*** Opening of PROVIDED ENTRIES ***
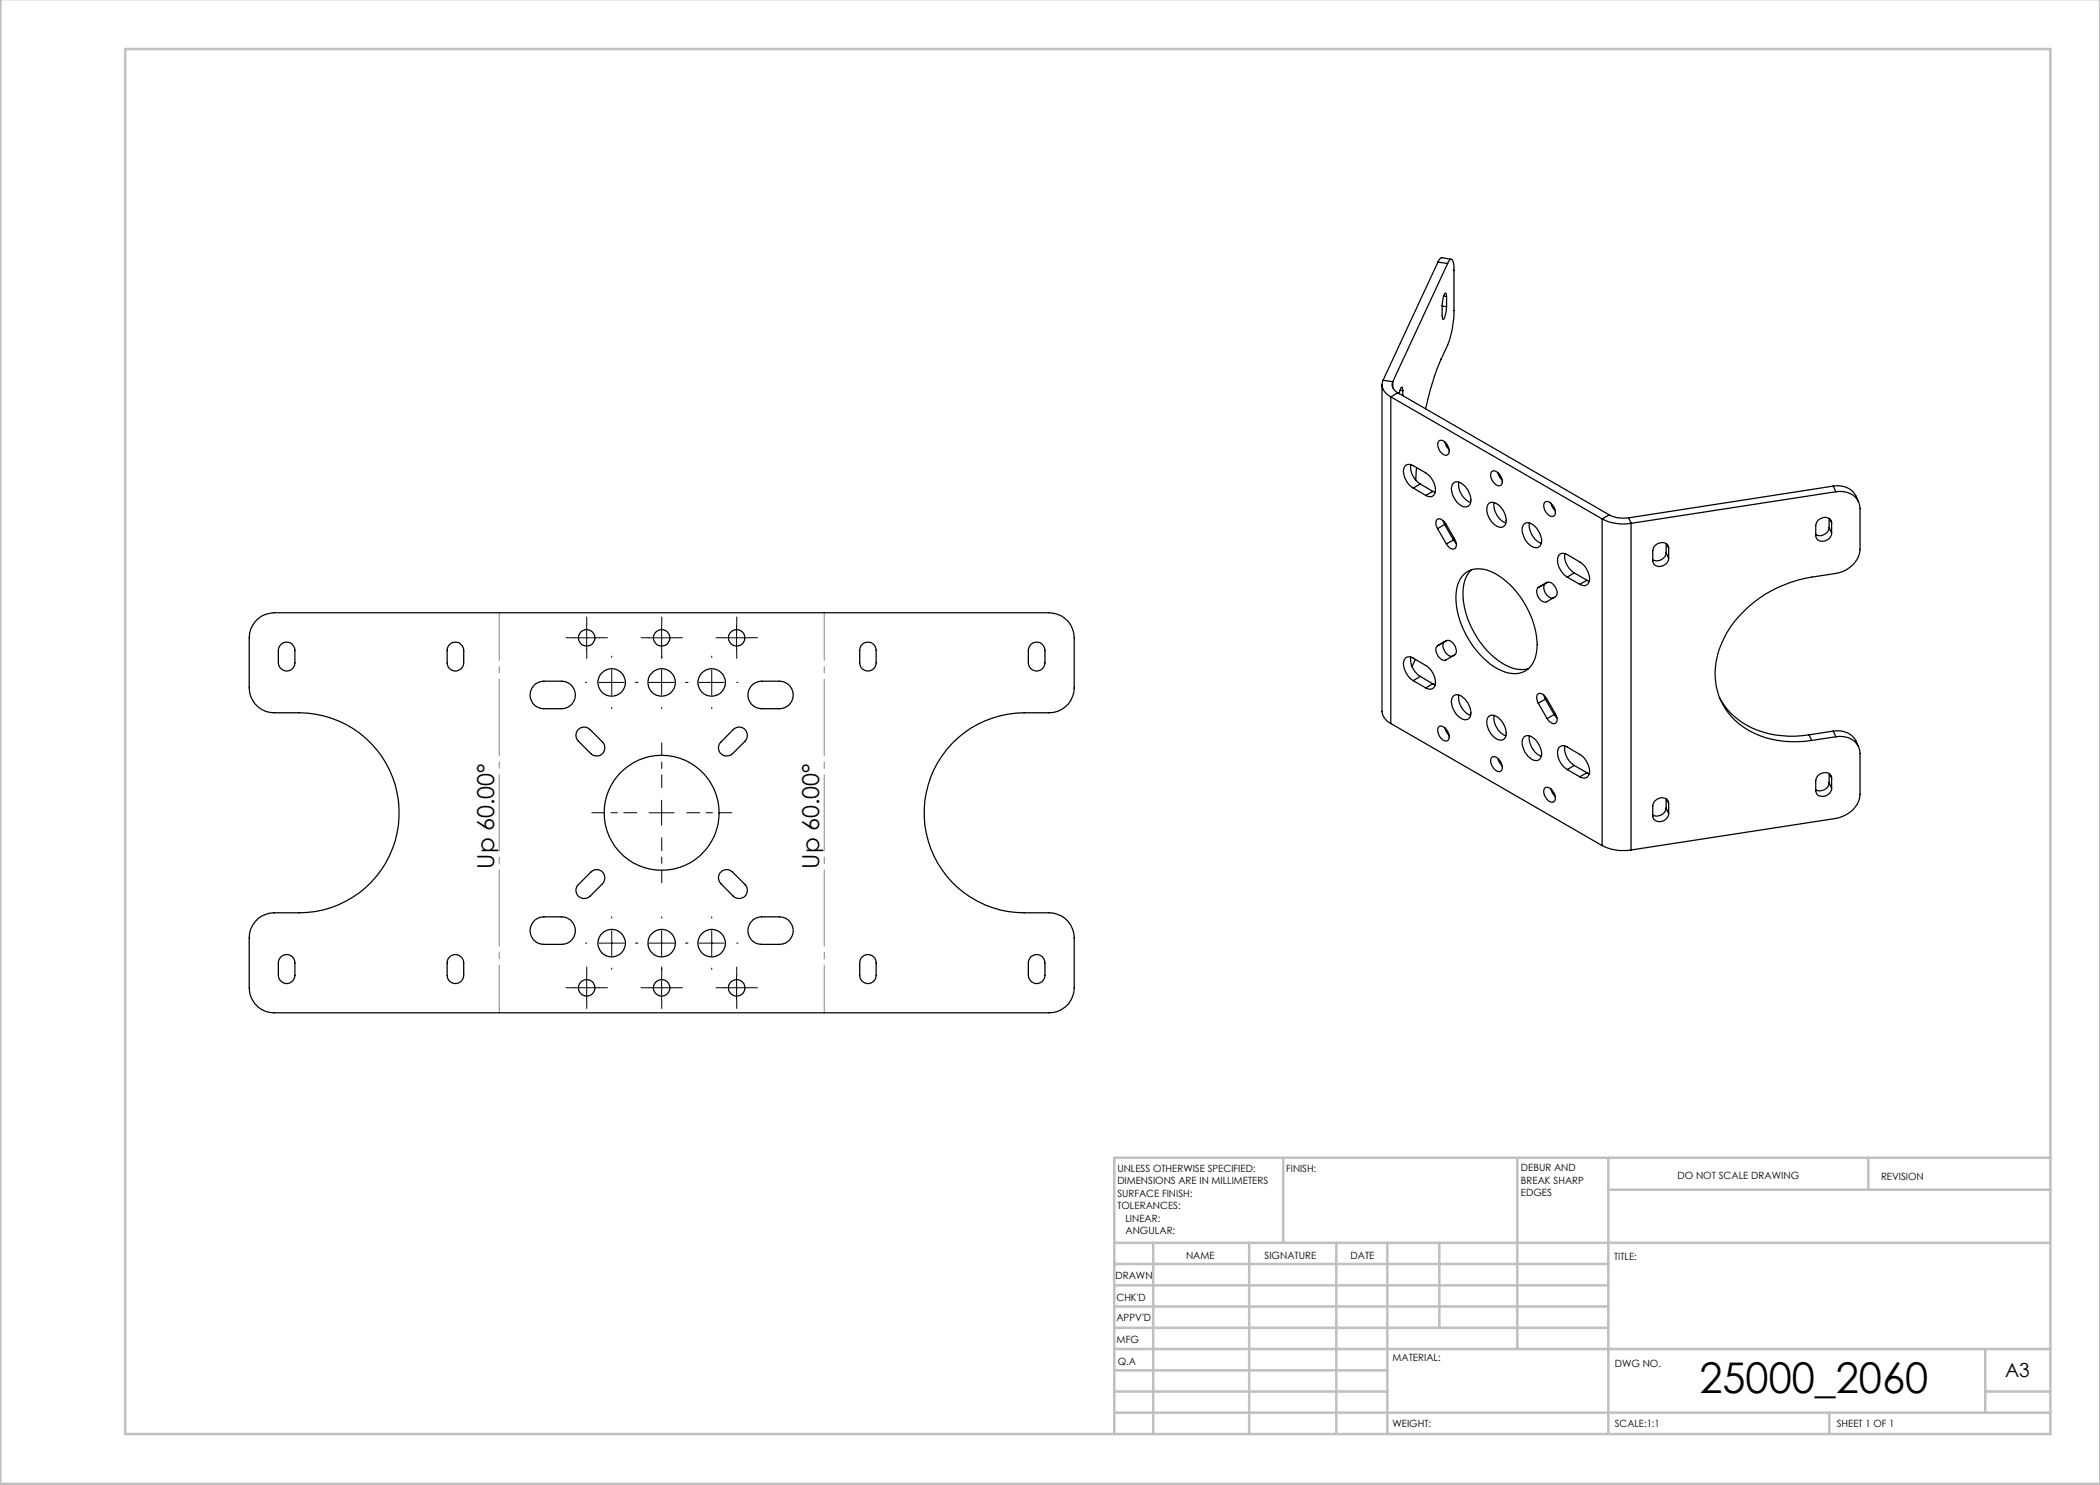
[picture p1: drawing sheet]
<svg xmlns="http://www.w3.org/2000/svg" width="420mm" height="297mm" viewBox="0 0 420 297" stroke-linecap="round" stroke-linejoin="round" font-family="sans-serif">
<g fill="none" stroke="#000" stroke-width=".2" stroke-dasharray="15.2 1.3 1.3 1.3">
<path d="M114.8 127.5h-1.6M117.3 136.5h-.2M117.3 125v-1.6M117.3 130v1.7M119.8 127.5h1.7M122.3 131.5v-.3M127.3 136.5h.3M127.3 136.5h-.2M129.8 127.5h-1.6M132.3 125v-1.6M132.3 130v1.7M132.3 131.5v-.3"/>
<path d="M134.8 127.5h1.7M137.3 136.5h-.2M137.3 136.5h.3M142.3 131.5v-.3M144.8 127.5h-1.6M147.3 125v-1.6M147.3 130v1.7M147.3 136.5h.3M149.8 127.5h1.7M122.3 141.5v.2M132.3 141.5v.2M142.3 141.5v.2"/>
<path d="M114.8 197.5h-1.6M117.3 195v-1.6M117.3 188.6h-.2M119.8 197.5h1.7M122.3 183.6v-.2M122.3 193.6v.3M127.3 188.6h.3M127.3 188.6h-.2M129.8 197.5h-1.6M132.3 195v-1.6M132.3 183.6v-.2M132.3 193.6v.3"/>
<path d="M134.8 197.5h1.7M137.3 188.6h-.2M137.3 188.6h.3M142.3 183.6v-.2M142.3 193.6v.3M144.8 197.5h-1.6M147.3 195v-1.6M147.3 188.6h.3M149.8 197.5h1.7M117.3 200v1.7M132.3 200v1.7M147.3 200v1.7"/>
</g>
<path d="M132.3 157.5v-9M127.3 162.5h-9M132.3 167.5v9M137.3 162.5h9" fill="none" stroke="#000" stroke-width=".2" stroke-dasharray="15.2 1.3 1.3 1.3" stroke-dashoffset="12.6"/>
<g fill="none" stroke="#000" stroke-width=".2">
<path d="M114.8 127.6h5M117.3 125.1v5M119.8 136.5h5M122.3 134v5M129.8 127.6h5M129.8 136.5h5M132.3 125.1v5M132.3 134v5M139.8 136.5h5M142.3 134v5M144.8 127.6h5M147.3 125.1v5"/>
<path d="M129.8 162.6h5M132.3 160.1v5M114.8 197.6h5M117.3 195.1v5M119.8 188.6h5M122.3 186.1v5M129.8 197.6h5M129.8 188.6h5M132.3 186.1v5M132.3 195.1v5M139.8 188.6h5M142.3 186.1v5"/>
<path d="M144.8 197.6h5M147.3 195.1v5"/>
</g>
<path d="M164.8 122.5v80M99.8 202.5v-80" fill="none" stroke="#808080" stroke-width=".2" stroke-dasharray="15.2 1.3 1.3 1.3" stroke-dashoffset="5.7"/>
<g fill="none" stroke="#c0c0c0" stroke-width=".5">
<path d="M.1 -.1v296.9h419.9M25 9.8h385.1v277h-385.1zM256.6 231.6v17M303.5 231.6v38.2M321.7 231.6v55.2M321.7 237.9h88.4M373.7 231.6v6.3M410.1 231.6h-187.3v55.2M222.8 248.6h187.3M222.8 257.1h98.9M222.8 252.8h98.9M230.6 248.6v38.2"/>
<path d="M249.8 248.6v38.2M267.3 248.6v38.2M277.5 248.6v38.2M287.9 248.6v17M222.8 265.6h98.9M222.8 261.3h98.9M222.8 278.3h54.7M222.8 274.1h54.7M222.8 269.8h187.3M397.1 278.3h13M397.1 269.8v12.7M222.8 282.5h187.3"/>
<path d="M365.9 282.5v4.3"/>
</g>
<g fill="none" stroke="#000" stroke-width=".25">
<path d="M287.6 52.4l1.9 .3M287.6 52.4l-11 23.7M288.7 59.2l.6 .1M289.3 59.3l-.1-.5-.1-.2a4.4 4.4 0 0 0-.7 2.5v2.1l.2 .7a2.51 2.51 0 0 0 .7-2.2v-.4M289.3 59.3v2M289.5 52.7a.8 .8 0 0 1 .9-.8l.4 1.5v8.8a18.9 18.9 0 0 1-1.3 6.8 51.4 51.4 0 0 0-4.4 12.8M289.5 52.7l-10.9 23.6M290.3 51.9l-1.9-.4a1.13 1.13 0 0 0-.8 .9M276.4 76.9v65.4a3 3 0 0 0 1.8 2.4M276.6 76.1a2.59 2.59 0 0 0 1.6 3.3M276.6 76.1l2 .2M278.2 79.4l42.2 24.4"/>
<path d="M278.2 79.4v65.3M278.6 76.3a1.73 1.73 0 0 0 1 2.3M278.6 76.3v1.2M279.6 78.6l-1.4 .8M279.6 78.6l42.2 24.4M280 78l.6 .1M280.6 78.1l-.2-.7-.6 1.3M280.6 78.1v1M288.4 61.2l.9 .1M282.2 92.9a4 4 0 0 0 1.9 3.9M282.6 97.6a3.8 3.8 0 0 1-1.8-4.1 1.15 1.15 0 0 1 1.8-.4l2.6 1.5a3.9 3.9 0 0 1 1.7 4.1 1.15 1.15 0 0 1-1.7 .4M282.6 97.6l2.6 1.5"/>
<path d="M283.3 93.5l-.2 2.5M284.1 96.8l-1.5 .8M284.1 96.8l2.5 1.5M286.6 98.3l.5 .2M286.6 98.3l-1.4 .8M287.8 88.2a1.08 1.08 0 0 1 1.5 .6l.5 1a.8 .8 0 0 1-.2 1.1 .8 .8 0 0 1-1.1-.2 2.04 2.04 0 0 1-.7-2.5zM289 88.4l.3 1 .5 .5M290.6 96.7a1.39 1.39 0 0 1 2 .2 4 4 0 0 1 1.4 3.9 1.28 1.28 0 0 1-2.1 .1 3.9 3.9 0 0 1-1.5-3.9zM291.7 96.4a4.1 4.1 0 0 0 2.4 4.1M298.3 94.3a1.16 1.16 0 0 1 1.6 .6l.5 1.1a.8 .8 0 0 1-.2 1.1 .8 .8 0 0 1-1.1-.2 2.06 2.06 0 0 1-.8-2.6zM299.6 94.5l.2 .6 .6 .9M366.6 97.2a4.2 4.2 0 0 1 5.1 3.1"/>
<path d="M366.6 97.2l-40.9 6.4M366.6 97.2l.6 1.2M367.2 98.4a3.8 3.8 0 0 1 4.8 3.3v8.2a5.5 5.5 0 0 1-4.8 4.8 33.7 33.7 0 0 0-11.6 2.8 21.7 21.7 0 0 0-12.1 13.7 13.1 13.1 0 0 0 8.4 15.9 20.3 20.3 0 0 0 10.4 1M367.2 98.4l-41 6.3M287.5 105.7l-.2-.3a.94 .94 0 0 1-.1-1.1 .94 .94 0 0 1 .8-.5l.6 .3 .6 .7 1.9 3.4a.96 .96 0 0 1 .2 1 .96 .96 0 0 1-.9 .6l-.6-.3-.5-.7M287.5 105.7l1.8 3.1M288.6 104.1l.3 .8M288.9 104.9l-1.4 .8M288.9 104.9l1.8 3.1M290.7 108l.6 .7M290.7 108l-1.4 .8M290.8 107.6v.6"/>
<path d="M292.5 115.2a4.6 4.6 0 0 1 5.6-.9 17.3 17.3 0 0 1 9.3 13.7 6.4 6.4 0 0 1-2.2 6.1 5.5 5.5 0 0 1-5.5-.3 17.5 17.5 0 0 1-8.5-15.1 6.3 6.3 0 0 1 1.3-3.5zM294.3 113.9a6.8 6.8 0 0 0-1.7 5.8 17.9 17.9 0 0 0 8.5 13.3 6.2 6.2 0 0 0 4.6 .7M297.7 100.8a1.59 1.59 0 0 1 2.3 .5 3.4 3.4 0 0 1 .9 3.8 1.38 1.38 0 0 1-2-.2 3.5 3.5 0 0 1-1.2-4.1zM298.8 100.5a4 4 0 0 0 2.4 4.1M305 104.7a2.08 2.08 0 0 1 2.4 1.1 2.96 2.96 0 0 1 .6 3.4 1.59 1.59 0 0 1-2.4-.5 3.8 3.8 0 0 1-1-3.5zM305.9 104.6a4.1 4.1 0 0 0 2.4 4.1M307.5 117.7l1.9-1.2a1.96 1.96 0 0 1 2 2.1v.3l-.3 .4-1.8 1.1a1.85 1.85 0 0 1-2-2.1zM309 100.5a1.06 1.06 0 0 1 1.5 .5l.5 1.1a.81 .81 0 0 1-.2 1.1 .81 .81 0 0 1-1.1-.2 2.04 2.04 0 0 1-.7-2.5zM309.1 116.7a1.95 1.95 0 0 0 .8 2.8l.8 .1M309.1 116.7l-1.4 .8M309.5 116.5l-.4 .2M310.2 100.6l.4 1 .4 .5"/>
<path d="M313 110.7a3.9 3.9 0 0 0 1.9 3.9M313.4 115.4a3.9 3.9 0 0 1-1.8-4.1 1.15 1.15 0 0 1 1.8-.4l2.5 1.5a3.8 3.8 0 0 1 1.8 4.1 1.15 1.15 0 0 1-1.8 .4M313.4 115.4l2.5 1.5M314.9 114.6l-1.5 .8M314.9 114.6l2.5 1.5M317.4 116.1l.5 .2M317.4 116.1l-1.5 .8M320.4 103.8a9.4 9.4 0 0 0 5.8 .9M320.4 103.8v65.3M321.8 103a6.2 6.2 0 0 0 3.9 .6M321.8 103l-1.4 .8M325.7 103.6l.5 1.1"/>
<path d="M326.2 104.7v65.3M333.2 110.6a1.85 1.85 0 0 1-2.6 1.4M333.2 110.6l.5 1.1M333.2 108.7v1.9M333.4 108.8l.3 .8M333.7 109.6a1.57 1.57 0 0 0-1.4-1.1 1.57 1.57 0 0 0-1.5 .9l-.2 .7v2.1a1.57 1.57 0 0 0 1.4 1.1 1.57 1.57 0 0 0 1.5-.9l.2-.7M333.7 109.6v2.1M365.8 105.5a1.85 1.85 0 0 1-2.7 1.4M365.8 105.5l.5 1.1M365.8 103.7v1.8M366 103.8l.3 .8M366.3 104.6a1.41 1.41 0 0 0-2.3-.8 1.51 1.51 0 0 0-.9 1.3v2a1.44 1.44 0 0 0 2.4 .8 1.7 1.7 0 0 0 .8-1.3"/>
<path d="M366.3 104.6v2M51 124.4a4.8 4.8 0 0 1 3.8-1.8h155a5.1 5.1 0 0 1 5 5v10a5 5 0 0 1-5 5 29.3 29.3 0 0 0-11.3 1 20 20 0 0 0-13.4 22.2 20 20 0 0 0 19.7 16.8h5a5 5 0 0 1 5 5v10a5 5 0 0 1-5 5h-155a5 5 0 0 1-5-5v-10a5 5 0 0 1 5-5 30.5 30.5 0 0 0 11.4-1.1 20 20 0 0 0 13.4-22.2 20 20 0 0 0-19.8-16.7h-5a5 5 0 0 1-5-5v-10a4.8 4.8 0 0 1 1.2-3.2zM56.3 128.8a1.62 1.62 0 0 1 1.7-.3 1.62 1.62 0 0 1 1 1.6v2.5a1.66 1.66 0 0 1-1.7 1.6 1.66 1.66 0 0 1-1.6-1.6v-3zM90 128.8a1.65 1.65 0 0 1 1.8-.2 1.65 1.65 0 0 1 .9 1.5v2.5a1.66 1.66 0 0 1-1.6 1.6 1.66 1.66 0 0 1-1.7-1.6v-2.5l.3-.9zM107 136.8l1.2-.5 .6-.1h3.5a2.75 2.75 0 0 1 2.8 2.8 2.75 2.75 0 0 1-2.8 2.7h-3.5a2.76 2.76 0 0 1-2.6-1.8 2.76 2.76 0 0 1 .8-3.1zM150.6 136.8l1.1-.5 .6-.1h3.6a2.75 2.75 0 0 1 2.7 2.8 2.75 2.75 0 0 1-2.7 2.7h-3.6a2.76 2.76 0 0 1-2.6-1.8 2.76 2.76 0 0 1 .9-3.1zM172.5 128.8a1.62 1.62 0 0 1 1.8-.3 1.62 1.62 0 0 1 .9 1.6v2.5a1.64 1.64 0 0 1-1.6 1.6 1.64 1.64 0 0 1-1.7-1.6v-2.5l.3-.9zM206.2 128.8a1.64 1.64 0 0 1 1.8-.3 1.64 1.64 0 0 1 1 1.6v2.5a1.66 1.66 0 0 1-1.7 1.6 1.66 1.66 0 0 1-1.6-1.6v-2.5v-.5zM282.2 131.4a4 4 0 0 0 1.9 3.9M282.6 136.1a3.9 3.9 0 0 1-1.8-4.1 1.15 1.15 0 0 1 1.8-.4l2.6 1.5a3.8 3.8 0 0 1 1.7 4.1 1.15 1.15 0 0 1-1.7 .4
*** Close of PROVIDED ENTRIES ***
▶ WHAT THE EXERCISE ASKS: Extract all lines from the data in which "none" is found.

▶ RESPONSE TO THE EXERCISE:
<g fill="none" stroke="#000" stroke-width=".2" stroke-dasharray="15.2 1.3 1.3 1.3">
<path d="M132.3 157.5v-9M127.3 162.5h-9M132.3 167.5v9M137.3 162.5h9" fill="none" stroke="#000" stroke-width=".2" stroke-dasharray="15.2 1.3 1.3 1.3" stroke-dashoffset="12.6"/>
<g fill="none" stroke="#000" stroke-width=".2">
<path d="M164.8 122.5v80M99.8 202.5v-80" fill="none" stroke="#808080" stroke-width=".2" stroke-dasharray="15.2 1.3 1.3 1.3" stroke-dashoffset="5.7"/>
<g fill="none" stroke="#c0c0c0" stroke-width=".5">
<g fill="none" stroke="#000" stroke-width=".25">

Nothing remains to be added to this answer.